You've got absolutely nothing to worry about. 

I have the RS-7 and what I put it through on a trip to Maui was last year would make anybody a believer in its capability. 

I ziplined carrying a gripped 5dmk2 w/100-400, and the only thing between the gear and a few hundred feet free fall was the trusty RS-7. I had it connected directly to tripod collar nothing fancy. I figured the best way to go was to keep on my back, so it was completely dangling as I was zipping 30mph across the line. I will admit that I was terrified, the prospect of not even being able to recover the gear if it fell was weighing on my mind - it did add quite a bit of suspense to the ziplining though.

Couldn't recommend it any higher, great product.


----------



## 7enderbender (Jan 7, 2013)

JPAZ said:


> All,
> 
> I know this has been discussed before but could not find specific comments about just how "strong" this strap is. I am contemplating the Black Rapid 7.
> 
> ...




I've no experience with those but decided against them from the get-go. I'm sure they are a great solution for press photographers carrying multiple bodies and who have their gear paid for or at least all sorts of damage factored in and/or insured.

I personally decided it would be too risky for me.

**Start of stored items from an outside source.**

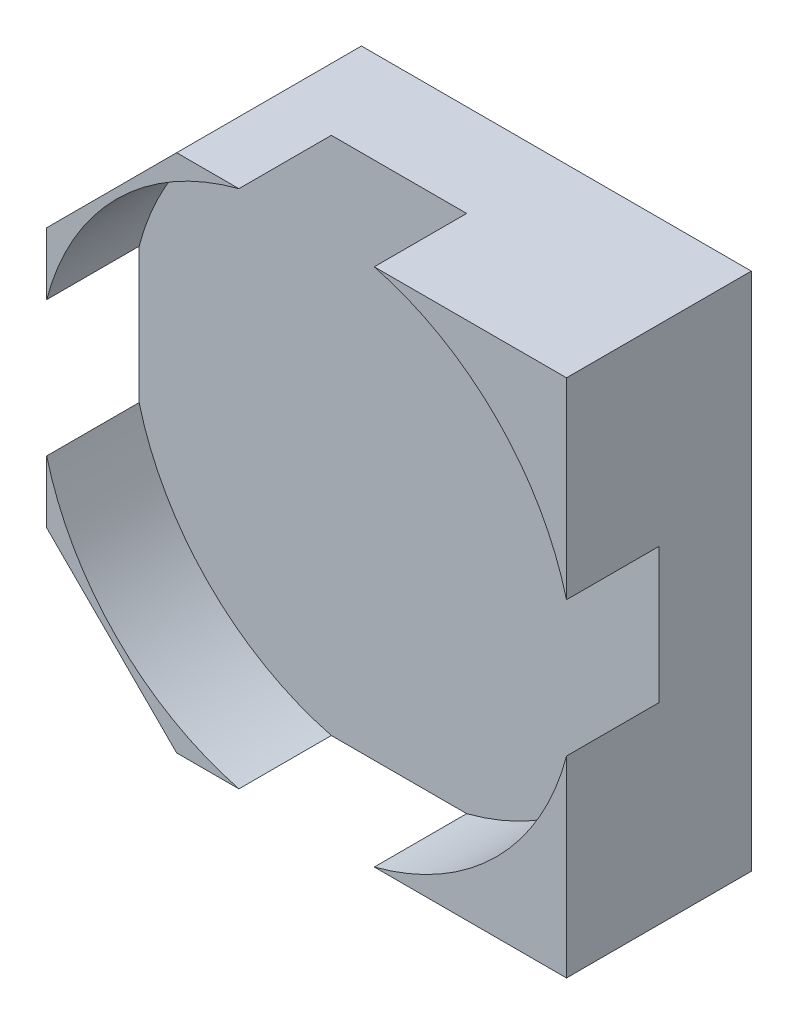
ISO-10303-21;
HEADER;
FILE_DESCRIPTION(('STEP AP214'),'2;1');
FILE_NAME('part.step','',(''),(''),'','','');
FILE_SCHEMA(('AUTOMOTIVE_DESIGN { 1 0 10303 214 1 1 1 1 }'));
ENDSEC;
DATA;
#1=APPLICATION_CONTEXT('core data for automotive mechanical design processes');
#2=APPLICATION_PROTOCOL_DEFINITION('international standard','automotive_design',2000,#1);
#3=PRODUCT_CONTEXT('',#1,'mechanical');
#4=PRODUCT('Part','Part','',(#3));
#5=PRODUCT_RELATED_PRODUCT_CATEGORY('part','',(#4));
#6=PRODUCT_DEFINITION_FORMATION('','',#4);
#7=PRODUCT_DEFINITION_CONTEXT('part definition',#1,'design');
#8=PRODUCT_DEFINITION('design','',#6,#7);
#9=PRODUCT_DEFINITION_SHAPE('','',#8);
#10=(LENGTH_UNIT() NAMED_UNIT(*) SI_UNIT(.MILLI.,.METRE.));
#11=(NAMED_UNIT(*) PLANE_ANGLE_UNIT() SI_UNIT($,.RADIAN.));
#12=(NAMED_UNIT(*) SI_UNIT($,.STERADIAN.) SOLID_ANGLE_UNIT());
#13=UNCERTAINTY_MEASURE_WITH_UNIT(LENGTH_MEASURE(1.E-05),#10,'distance_accuracy_value','');
#14=(GEOMETRIC_REPRESENTATION_CONTEXT(3) GLOBAL_UNCERTAINTY_ASSIGNED_CONTEXT((#13)) GLOBAL_UNIT_ASSIGNED_CONTEXT((#10,
#11,#12)) REPRESENTATION_CONTEXT('',''));
#15=CARTESIAN_POINT('',(0.,0.,0.));
#16=DIRECTION('',(0.,0.,1.));
#17=DIRECTION('',(1.,0.,0.));
#18=AXIS2_PLACEMENT_3D('',#15,#16,#17);
#19=CARTESIAN_POINT('',(2.25,2.25,1.9));
#20=DIRECTION('',(0.,0.,-1.));
#21=DIRECTION('',(-1.,0.,0.));
#22=AXIS2_PLACEMENT_3D('',#19,#20,#21);
#23=PLANE('',#22);
#24=DIRECTION('',(0.,1.,0.));
#25=VECTOR('',#24,1.);
#26=CARTESIAN_POINT('',(2.25,2.25,1.9));
#27=LINE('',#26,#25);
#28=CARTESIAN_POINT('',(2.25,2.25,1.9));
#29=VERTEX_POINT('',#28);
#30=CARTESIAN_POINT('',(2.25,0.585768725693,1.9));
#31=VERTEX_POINT('',#30);
#32=EDGE_CURVE('E120',#29,#31,#27,.F.);
#33=ORIENTED_EDGE('',*,*,#32,.F.);
#34=DIRECTION('',(-1.,0.,0.));
#35=VECTOR('',#34,1.);
#36=CARTESIAN_POINT('',(2.25,2.25,1.9));
#37=LINE('',#36,#35);
#38=CARTESIAN_POINT('',(0.585768725693,2.25,1.9));
#39=VERTEX_POINT('',#38);
#40=EDGE_CURVE('E115',#39,#29,#37,.F.);
#41=ORIENTED_EDGE('',*,*,#40,.F.);
#42=CARTESIAN_POINT('',(0.,0.,1.9));
#43=DIRECTION('',(0.,0.,1.));
#44=DIRECTION('',(1.,0.,0.));
#45=AXIS2_PLACEMENT_3D('',#42,#43,#44);
#46=CIRCLE('',#45,2.325);
#47=EDGE_CURVE('E20',#39,#31,#46,.F.);
#48=ORIENTED_EDGE('',*,*,#47,.T.);
#49=EDGE_LOOP('',(#33,#41,#48));
#50=FACE_BOUND('',#49,.T.);
#51=ADVANCED_FACE('F17',(#50),#23,.F.);
#52=CARTESIAN_POINT('',(2.25,2.25,1.9));
#53=DIRECTION('',(0.,0.,-1.));
#54=DIRECTION('',(-1.,0.,0.));
#55=AXIS2_PLACEMENT_3D('',#52,#53,#54);
#56=PLANE('',#55);
#57=DIRECTION('',(0.,1.,0.));
#58=VECTOR('',#57,1.);
#59=CARTESIAN_POINT('',(-2.25,2.25,1.9));
#60=LINE('',#59,#58);
#61=CARTESIAN_POINT('',(-2.25,0.585768725693,1.9));
#62=VERTEX_POINT('',#61);
#63=CARTESIAN_POINT('',(-2.25,1.125,1.9));
#64=VERTEX_POINT('',#63);
#65=EDGE_CURVE('E162',#62,#64,#60,.T.);
#66=ORIENTED_EDGE('',*,*,#65,.F.);
#67=CARTESIAN_POINT('',(0.,0.,1.9));
#68=DIRECTION('',(0.,0.,1.));
#69=DIRECTION('',(1.,0.,0.));
#70=AXIS2_PLACEMENT_3D('',#67,#68,#69);
#71=CIRCLE('',#70,2.325);
#72=CARTESIAN_POINT('',(-0.585768725693,2.25,1.9));
#73=VERTEX_POINT('',#72);
#74=EDGE_CURVE('E139',#62,#73,#71,.F.);
#75=ORIENTED_EDGE('',*,*,#74,.T.);
#76=DIRECTION('',(-1.,0.,0.));
#77=VECTOR('',#76,1.);
#78=CARTESIAN_POINT('',(2.25,2.25,1.9));
#79=LINE('',#78,#77);
#80=CARTESIAN_POINT('',(-1.125,2.25,1.9));
#81=VERTEX_POINT('',#80);
#82=EDGE_CURVE('E128',#81,#73,#79,.F.);
#83=ORIENTED_EDGE('',*,*,#82,.F.);
#84=DIRECTION('',(0.707106781186547,0.707106781186547,0.));
#85=VECTOR('',#84,1.);
#86=CARTESIAN_POINT('',(-2.25,1.125,1.9));
#87=LINE('',#86,#85);
#88=EDGE_CURVE('E159',#64,#81,#87,.T.);
#89=ORIENTED_EDGE('',*,*,#88,.F.);
#90=EDGE_LOOP('',(#66,#75,#83,#89));
#91=FACE_BOUND('',#90,.T.);
#92=ADVANCED_FACE('F267',(#91),#56,.F.);
#93=CARTESIAN_POINT('',(2.25,2.25,1.9));
#94=DIRECTION('',(0.,0.,-1.));
#95=DIRECTION('',(-1.,0.,0.));
#96=AXIS2_PLACEMENT_3D('',#93,#94,#95);
#97=PLANE('',#96);
#98=DIRECTION('',(-1.,0.,0.));
#99=VECTOR('',#98,1.);
#100=CARTESIAN_POINT('',(2.25,-2.25,1.9));
#101=LINE('',#100,#99);
#102=CARTESIAN_POINT('',(-0.585768725692999,-2.25,1.9));
#103=VERTEX_POINT('',#102);
#104=CARTESIAN_POINT('',(-1.125,-2.25,1.9));
#105=VERTEX_POINT('',#104);
#106=EDGE_CURVE('E153',#103,#105,#101,.T.);
#107=ORIENTED_EDGE('',*,*,#106,.F.);
#108=CARTESIAN_POINT('',(0.,0.,1.9));
#109=DIRECTION('',(0.,0.,1.));
#110=DIRECTION('',(1.,0.,0.));
#111=AXIS2_PLACEMENT_3D('',#108,#109,#110);
#112=CIRCLE('',#111,2.325);
#113=CARTESIAN_POINT('',(-2.25,-0.585768725692999,1.9));
#114=VERTEX_POINT('',#113);
#115=EDGE_CURVE('E222',#103,#114,#112,.F.);
#116=ORIENTED_EDGE('',*,*,#115,.T.);
#117=DIRECTION('',(0.,1.,0.));
#118=VECTOR('',#117,1.);
#119=CARTESIAN_POINT('',(-2.25,2.25,1.9));
#120=LINE('',#119,#118);
#121=CARTESIAN_POINT('',(-2.25,-1.125,1.9));
#122=VERTEX_POINT('',#121);
#123=EDGE_CURVE('E155',#122,#114,#120,.T.);
#124=ORIENTED_EDGE('',*,*,#123,.F.);
#125=DIRECTION('',(-0.707106781186547,0.707106781186547,0.));
#126=VECTOR('',#125,1.);
#127=CARTESIAN_POINT('',(-1.125,-2.25,1.9));
#128=LINE('',#127,#126);
#129=EDGE_CURVE('E150',#105,#122,#128,.T.);
#130=ORIENTED_EDGE('',*,*,#129,.F.);
#131=EDGE_LOOP('',(#107,#116,#124,#130));
#132=FACE_BOUND('',#131,.T.);
#133=ADVANCED_FACE('F398',(#132),#97,.F.);
#134=CARTESIAN_POINT('',(2.25,2.25,1.9));
#135=DIRECTION('',(0.,0.,-1.));
#136=DIRECTION('',(-1.,0.,0.));
#137=AXIS2_PLACEMENT_3D('',#134,#135,#136);
#138=PLANE('',#137);
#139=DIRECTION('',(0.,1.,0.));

Relying on just one connection, having the camera/lens dangle around upside down and adding additional strain on the already pretty weak connection of my battery grip to 5DII didn't seem like a good idea.
After a longer search and trying out a few things I settled on a Crumpler strap without any clips or hooks etc. Quite happy with it.


----------



## crasher8 (Jan 7, 2013)

I had a CarrySpeed and a BR7. The Carryspeed always slipped on my shoulder and I was always readjusting it. The BR just stays put.


----------



## sanj (Jan 7, 2013)

I am always a bit tense and inadvertently hold the camera with my free hand.

I do not think Black Rapid will fail but this paranoia is my own personality issue.


----------



## viggen61 (Jan 7, 2013)

I'm with Jim K. I have the BR7 with my gripped 7D and 100-400, and it works just fine. I had one "moment" early on, but it was user error not sufficiently tightening the Manfrotto RC-2 base (BR makes a replacement thumbscrew for the RC-2 base that lets you leave it on when using the RC-2 base) onto my 100-400. Now, I check that every time.

It's really no different than carrying the lens/camera mounted to a tripod. Someplace in all the thousands of dollars of gear is exactly ONE screw that cost a fraction of all that keeping it all together. Just keep an eye on it...


----------



## crasher8 (Jan 7, 2013)

This thread makes me think of one thing for peace of mind…Insurance.


----------



## Northstar (Jan 7, 2013)

I have used mine for a year now without issue....carrying a 5d3 and 70-200. Never found it to get loose but i like to check it frequently because I'm not the trusting type....takes two seconds to check the connections to see that it is secure.


----------



## scottkinfw (Jan 7, 2013)

I totally agree. I have had mine for ~ 2 years, used on several bodies, sometimes for over 15 hours and never a problem. However, I check a few times a day to be sure. I tend to be paranoid about the gear, and otherwise ocd. That said, I have had to tighten the screw a few times. 

sek



Northstar said:


> I have used mine for a year now without issue....carrying a 5d3 and 70-200. Never found it to get loose but i like to check it frequently because I'm not the trusting type....takes two seconds to check the connections to see that it is secure.


----------



## tgara (Jan 7, 2013)

Check out this video at about the 1:40 mark. He adds an optech strap to his BR strap for extra security.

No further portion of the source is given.